**What you will do**
Go over the data and copy out each line with "along" in it.

=== Entries supplied ===

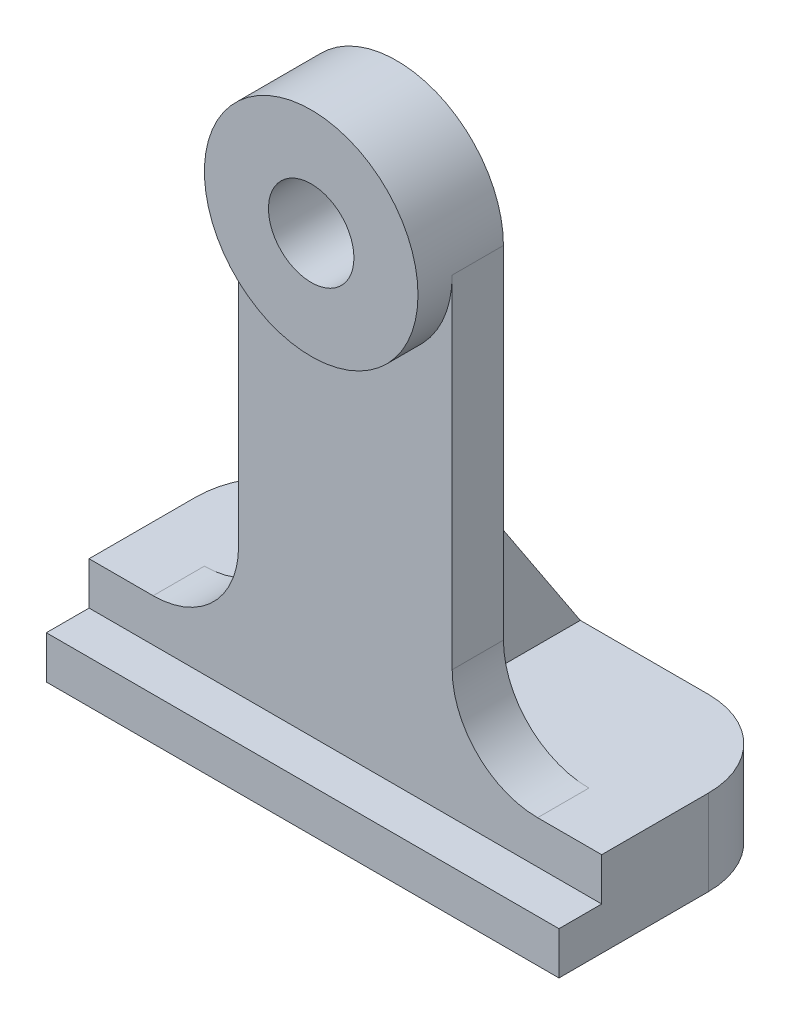
SolidWorks part; units mm, degrees
ref_plane "Front Plane" through (0, 0, 0) normal (0, 0, 1) x (1, 0, 0)
ref_plane "Top Plane" through (0, 0, 0) normal (0, 1, 0) x (1, 0, 0)
ref_plane "Right Plane" through (0, 0, 0) normal (1, 0, 0) x (0, 0, -1)
sketch "Sketch1" plane through (0, 0, 0) normal (0, 0, 1) x (1, 0, 0)
  line L0 (0, 0) -> (0, 0.3778) construction
  line L1 (0, 0.3778) -> (0, -0.4154) construction
  line L2 (0, 0) -> (0.5538, 0) construction
  line L3 (0.5538, 0) -> (-0.5094, 0) construction
  circle A0 centre (0, 0) radius 0.25
  circle A1 centre (0, 0) radius 0.625
  dimension "D1" = 0.5
  dimension "D2" = 1.25
extrude "Boss-Extrude1" add sketch "Sketch1" along normal blind 0.5
sketch "Sketch2" plane through (0, 0, 0) normal (0, 0, 1) x (1, 0, 0)
  line L0 (0, 0) -> (0, 0.5743) construction
  line L1 (0, 0.5743) -> (0, -0.4915) construction
  line L2 (0, 0) -> (-0.4606, 0) construction
  line L3 (-0.4606, 0) -> (0.399, 0) construction
  line L4 (0.625, 0) -> (0.625, -2.5)
  line L5 (0.625, -2.5) -> (-0.625, -2.5)
  line L6 (-0.625, -2.5) -> (-0.625, 0)
  line L7 (-0.625, 0) -> (0.625, 0)
  circle A0 centre (0, 0) radius 0.625 construction
  circle A1 centre (0, 0) radius 0.625 construction
  dimension "D1" = 2.5
extrude "Boss-Extrude2" add sketch "Sketch2" along normal blind 0.3
sketch "Sketch3" plane through (0, 0, 0.3) normal (0, 0, 1) x (1, 0, 0)
  line L0 (0, 0) -> (0, -2.9959) construction
  line L1 (0, -2.5) -> (-0.625, -2.5)
  line L2 (-0.625, -2.5) -> (0.625, -2.5) construction
  line L3 (-0.625, -2.5) -> (-1.5, -2.5)
  line L4 (-1.5, -2.5) -> (-1.5, -3)
  line L5 (-1.5, -3) -> (1.5, -3)
  line L6 (1.5, -3) -> (1.5, -2.5)
  line L7 (1.5, -2.5) -> (0.625, -2.5)
  line L8 (0.625, -2.5) -> (0, -2.5)
  dimension "D1" = 1.5
  dimension "D2" = 1.5
  dimension "D3" = 0.5
extrude "Boss-Extrude3" add sketch "Sketch3" against normal blind 1.125
sketch "Sketch4" plane through (0, 0, 0.3) normal (0, 0, 1) x (1, 0, 0)
  line L0 (1.5, -3) -> (1.5, -2.75)
  line L1 (1.5, -3) -> (1.5, -2.5) construction
  line L2 (1.5, -2.75) -> (-1.5, -2.75)
  line L3 (-1.5, -2.5) -> (-1.5, -3) construction
  line L4 (-1.5, -2.75) -> (-1.5, -3)
  line L5 (-1.5, -3) -> (1.5, -3)
  dimension "D1" = 0.25
extrude "Boss-Extrude4" add sketch "Sketch4" along normal blind 0.25
sketch "Sketch6" plane through (0, 0, 0.3) normal (0, 0, 1) x (1, 0, 0)
  circle A0 centre (0, 0) radius 0.25
extrude "Cut-Extrude1" cut sketch "Sketch6" against normal up to surface (0.3 mm away) up to face at (0, 0.125, 0)
fillet "Fillet1" radius 0.5 2 edges at (-0.625, -2.5, 0.15) (0.625, -2.5, 0.15)
sketch "Sketch7" plane through (0, 0, 0) normal (1, 0, 0) x (0, 0, -1)
  line L1 (0, -2) -> (0, 0) construction
  line L4 (0, -2.5) -> (0, -1.25)
  line L5 (0.825, -3) -> (-0.55, -3) construction
  line L6 (0, -1.25) -> (0.825, -2.5)
  line L7 (0.825, -2.5) -> (0, -2.5)
  dimension "D1" = 1.75
extrude "Boss-Extrude5" add sketch "Sketch7" along normal mid plane 0.5
sketch "Sketch8" plane through (0, -2.5, 0) normal (0, 1, 0) x (1, 0, 0)
  line L0 (1.5, -0.55) -> (-1.5, -0.55) construction
  point P0 (-1.0205, 0.33)
  point P1 (0.9795, 0.33)
  dimension "D1" = 0.88
  dimension "D2" = 0.88
  dimension "D3" = 2
fillet "Fillet2" radius 0.5 2 edges at (-1.5, -2.75, -0.825) (1.5, -2.75, -0.825)
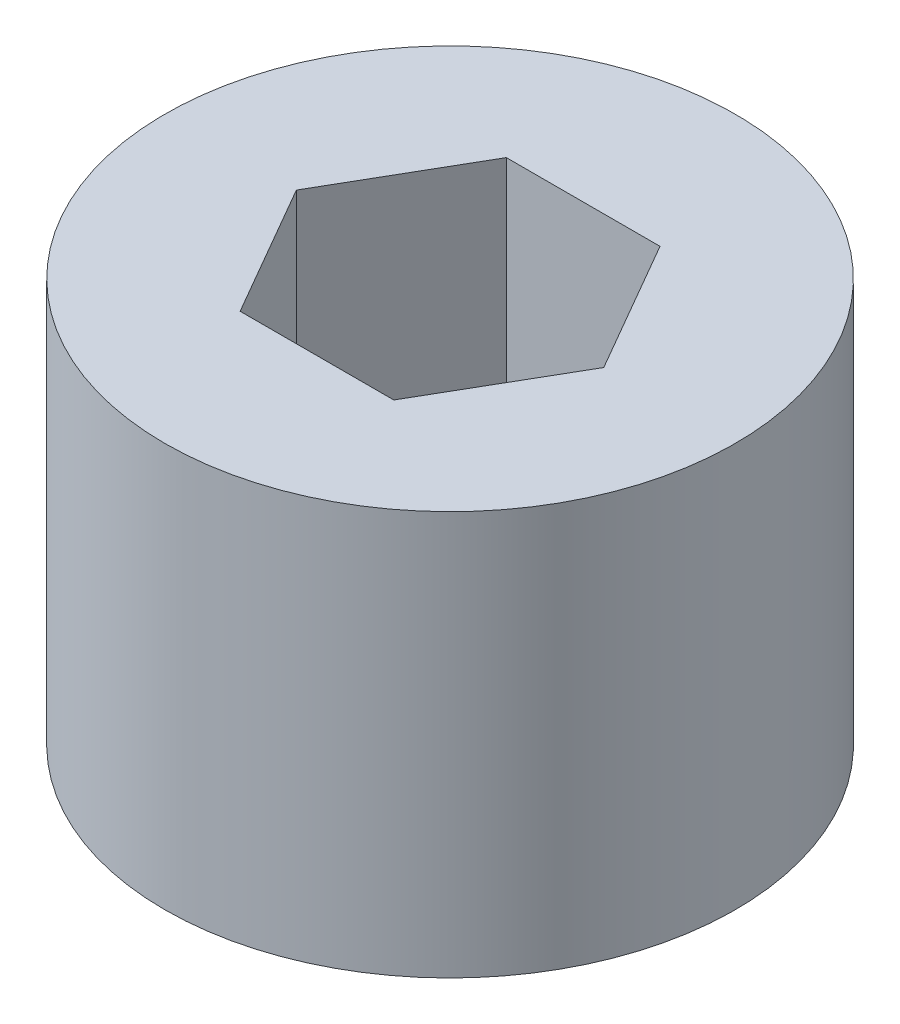
SolidWorks part; units mm, degrees
ref_plane "Front Plane" through (0, 0, 0) normal (0, 0, 1) x (1, 0, 0)
ref_plane "Top Plane" through (0, 0, 0) normal (0, 1, 0) x (1, 0, 0)
ref_plane "Right Plane" through (0, 0, 0) normal (1, 0, 0) x (0, 0, -1)
sketch "Sketch1" plane through (0, 0, 0) normal (0, 1, 0) x (1, 0, 0)
  circle A0 centre (0, 0) radius 15
  dimension "D1" = 30
extrude "Boss-Extrude1" add sketch "Sketch1" along normal blind 21.24
sketch "Sketch3" plane through (0, 21.24, 0) normal (0, 1, 0) x (1, 0, 0)
  line L1 (8.0829, 0) -> (4.0415, 7)
  line L2 (4.0415, 7) -> (-4.0415, 7)
  line L3 (-4.0415, 7) -> (-8.0829, 0)
  line L4 (-8.0829, 0) -> (-4.0415, -7)
  line L5 (-4.0415, -7) -> (4.0415, -7)
  line L6 (4.0415, -7) -> (8.0829, 0)
  circle A0 centre (0, 0) radius 7 construction
  dimension "D1" = 14
extrude "Cut-Extrude1" cut sketch "Sketch3" against normal blind 32 and the other way blind 26
equation "\"21.24.00mm\"=10"
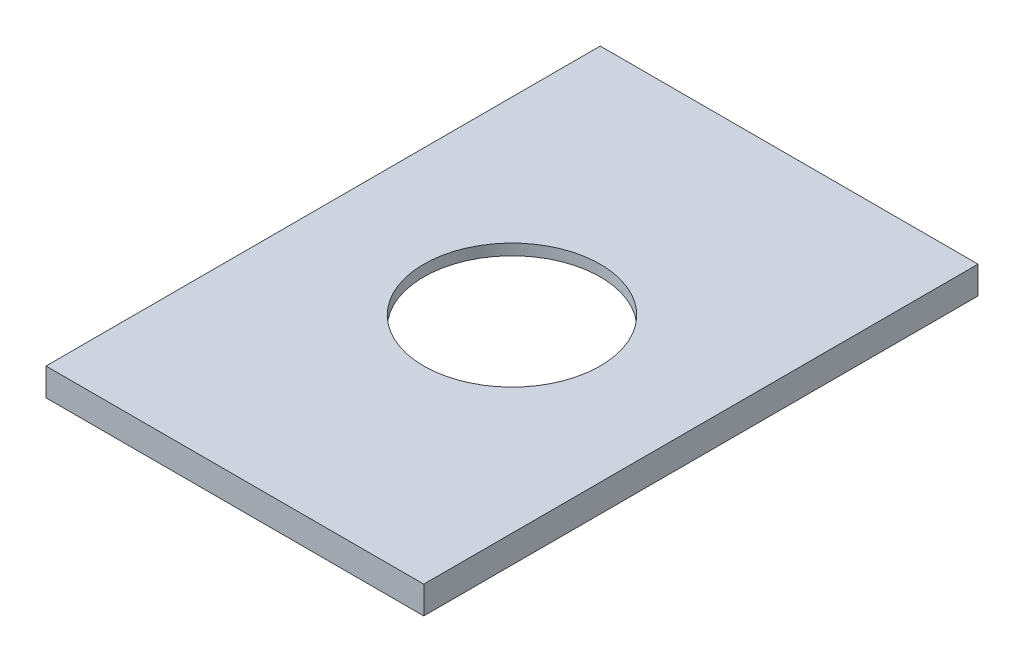
SolidWorks part; units mm, degrees
ref_plane "Alzado" through (0, 0, 0) normal (0, 0, 1) x (1, 0, 0)
ref_plane "Planta" through (0, 0, 0) normal (0, 1, 0) x (1, 0, 0)
ref_plane "Vista lateral" through (0, 0, 0) normal (1, 0, 0) x (0, 0, -1)
sketch "Croquis1" plane through (0, 0, 0) normal (0, 1, 0) x (1, 0, 0)
  line L0 (7.75, 37) -> (7.75, -59.5) construction
  line L1 (-24.5, 37) -> (40, 37)
  line L2 (-24.5, 37) -> (-24.5, -59.5)
  line L3 (-24.5, -59.5) -> (40, -59.5)
  line L4 (40, 37) -> (40, -59.5)
  line L6 (-6.25, -6.1) -> (-24.5, -6.1) construction
  line L7 (-4.5, -39.5) -> (20, -39.5) construction
  circle A4 centre (7.75, -11.25) radius 16
  point P0 (0, 0)
  point P10 (0, -17.55)
  dimension "D8" = 20
  dimension "D3" = 32
  dimension "D12" = 64.5
  dimension "D20" = 96.5
  dimension "D22" = 33.4
extrude "Saliente-Extruir4" add sketch "Croquis1" along normal blind 2
sketch "Croquis2" plane through (0, 0, 0) normal (0, -1, 0) x (1, 0, 0)
  line L5 (-24.5, 59.5) -> (40, 59.5)
  line L6 (-24.5, 59.5) -> (-24.5, -37)
  line L7 (-24.5, -37) -> (40, -37)
  line L8 (42, -39) -> (42, 61.5)
  line L9 (42, 61.5) -> (-26.5, 61.5)
  line L10 (-26.5, 61.5) -> (-26.5, -39)
  line L11 (-26.5, -39) -> (42, -39)
  line L12 (42, -39) -> (42, 61.5)
  line L13 (42, 61.5) -> (-26.5, 61.5)
  line L14 (-26.5, 61.5) -> (-26.5, -39)
  line L15 (-26.5, -39) -> (42, -39)
  line L16 (40, 59.5) -> (40, -37)
  dimension "D1" = 2
extrude "Saliente-Extruir5" add sketch "Croquis2" along normal blind 3 and the other way up to surface (2 mm away) other way up to face at (7.75, 2, 11.25)

===

**Reply to the exercise**
extrude "Boss-Extrude1" add sketch "Sketch1" along normal blind 0.5
extrude "Boss-Extrude2" add sketch "Sketch2" along normal blind 0.3
extrude "Boss-Extrude4" add sketch "Sketch4" along normal blind 0.25
extrude "Boss-Extrude5" add sketch "Sketch7" along normal mid plane 0.5
extrude "Boss-Extrude1" add sketch "Sketch1" along normal blind 21.24
extrude "Saliente-Extruir4" add sketch "Croquis1" along normal blind 2
extrude "Saliente-Extruir5" add sketch "Croquis2" along normal blind 3 and the other way up to surface (2 mm away) other way up to face at (7.75, 2, 11.25)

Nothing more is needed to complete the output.